Just like food webs in oceans or rainforests, the different species of bacteria in the gut form complex interactions, with a few primary species proving to be essential for the survival of the many secondary and tertiary species, which are more synergistic in nature. Using a computational method to fit the RABs into the gut microbial food web, the researchers identified both primary and tertiary species among the 21 RABs.

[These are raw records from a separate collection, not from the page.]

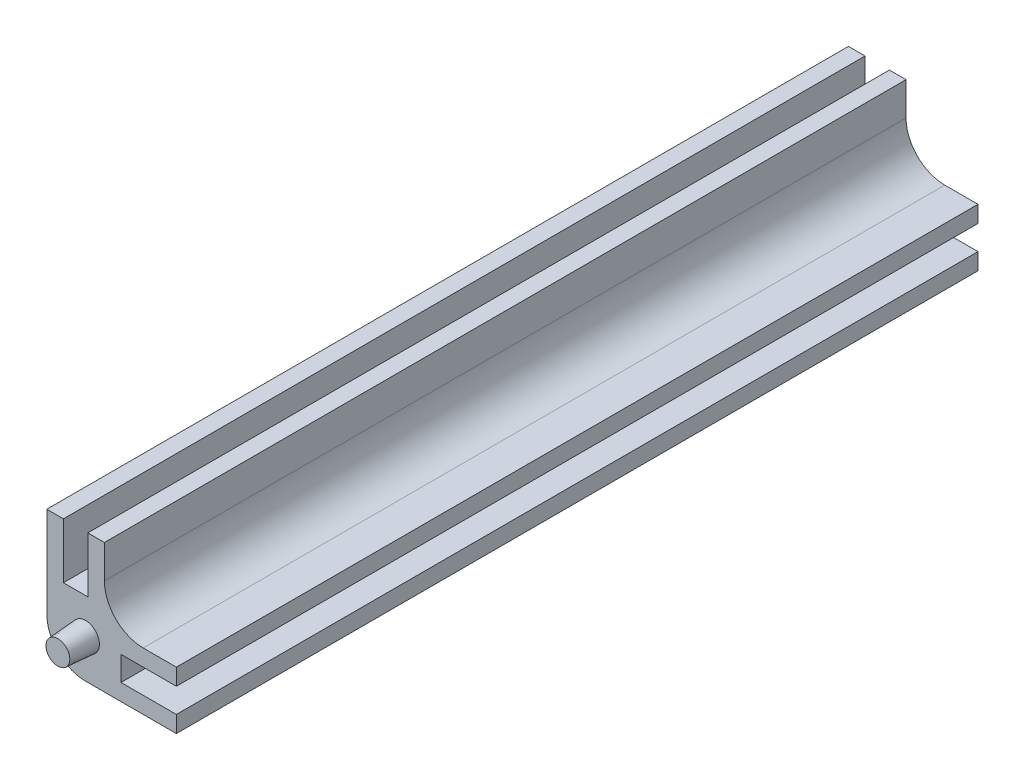
from build123d import *

# Parameters (mm, degrees)
EXTRUDE1_DEPTH     = 144.8
SKETCH2_R          = 2.5
EXTRUDE2_DEPTH     = 5
EXTRUDE2_TAPER     = 4
SKETCH3_R          = 2.6
CUT_EXTRUDE1_DEPTH = 5.2
CUT_EXTRUDE1_DRAFT = -3.8


with BuildPart() as part:
    # Sketch1 → Extrude1 (new body)
    with BuildSketch(Plane.XY):
        with BuildLine():
            Line((-3.4, -10.4), (13, -10.4))
            Line((13, -10.4), (13, -7.4))
            Line((13, -7.4), (3, -7.4))
            Line((3, -7.4), (3, -3))
            Line((3, -3), (13, -3))
            Line((13, -3), (13, 0))
            Line((13, 0), (7, 0))
            ThreePointArc((7, 0), (2.050252532, 2.050252532), (0, 7))
            Line((0, 7), (0, 13))
            Line((0, 13), (-3, 13))
            Line((-3, 13), (-3, 3))
            Line((-3, 3), (-7.4, 3))
            Line((-7.4, 3), (-7.4, 13))
            Line((-7.4, 13), (-10.4, 13))
            Line((-10.4, 13), (-10.4, -3.4))
            ThreePointArc((-10.4, -3.4), (-8.349747468, -8.349747468), (-3.4, -10.4))
        make_face()
    extrude(amount=EXTRUDE1_DEPTH)

    # Sketch2 → Extrude2 (add)
    with BuildSketch(Plane.XY.offset(144.8)):
        with Locations((-3.4, -3.4)):
            Circle(SKETCH2_R)
    extrude(amount=EXTRUDE2_DEPTH, taper=EXTRUDE2_TAPER)


with BuildPart() as cut_extrude1_tool:
    # Sketch3 → Cut-Extrude1 (with draft: the straight prism first)
    with BuildSketch(Plane(origin=(0, 0, 0), x_dir=(-1, 0, 0), z_dir=(0, 0, -1))):
        with Locations((3.4, -3.4)):
            Circle(SKETCH3_R)
    extrude(amount=-CUT_EXTRUDE1_DEPTH)
    # Cut-Extrude1: the draft: its side faces are tilted about the plane it starts from
    cut_extrude1_sides = [cut_extrude1_tool.faces().sort_by_distance(p)[0] for p in [
        (-0.8, -3.4, 2.6),
    ]]
    draft(cut_extrude1_sides, Plane(origin=(0, 0, 0), x_dir=(-1, 0, 0), z_dir=(0, 0, -1)), CUT_EXTRUDE1_DRAFT)


with BuildPart() as part_1:
    add(part.part)

    # Cut-Extrude1: cut by cut_extrude1_tool
    add(cut_extrude1_tool.part, mode=Mode.SUBTRACT)


solid = part_1.part

Testing the practical applications of their results, the team found that inoculating mice with both primary and tertiary RABs bolstered the recovery of absolute microbial abundance by 100-fold. These mice also had higher gut microbiome diversity after receiving treatment with antibiotics compared to mice that received just a tertiary species or control substance.

"These findings are critical for improving our understanding of how gut microbiomes recover and the type of microbial species that play a crucial role in this process," Nagarajan noted. "The 21 RAB species can potentially be used for therapeutic and diagnostic purposes for restoring the gut microbiome post-antibiotics perturbation."

Working hand in glove

While both studies examine the gut microbiome through the lens of antibiotics, they do so through different but complementary lines of inquiry: the impact on human health and the potential for finding therapeutic and diagnostic solutions.

These diverse but linked lines of research are made possible through A*STAR's integrative research infrastructure and the establishment of various health and technological initiatives. For example, the institute's involvement in seminal collaborative population-wide studies like GUSTO provides researchers the opportunity to investigate the effects of the gut microbiome in a range of settings and across a variety of populations, factors and diseases.

Meanwhile, initiatives like A*STAR's integrated Omics research program complement these studies by facilitating the development of new and improved tools—like OPERA-MS, which was developed by researchers at GIS to enhance metagenomics methods—to transcend the possibilities of researchers' endeavors. Aided by these tools, A*STAR researchers are advancing our understanding of the gut microbiome, just as van Leeuwenhoek's homemade microscope first opened human eyes to the existence of microorganisms nearly four centuries ago.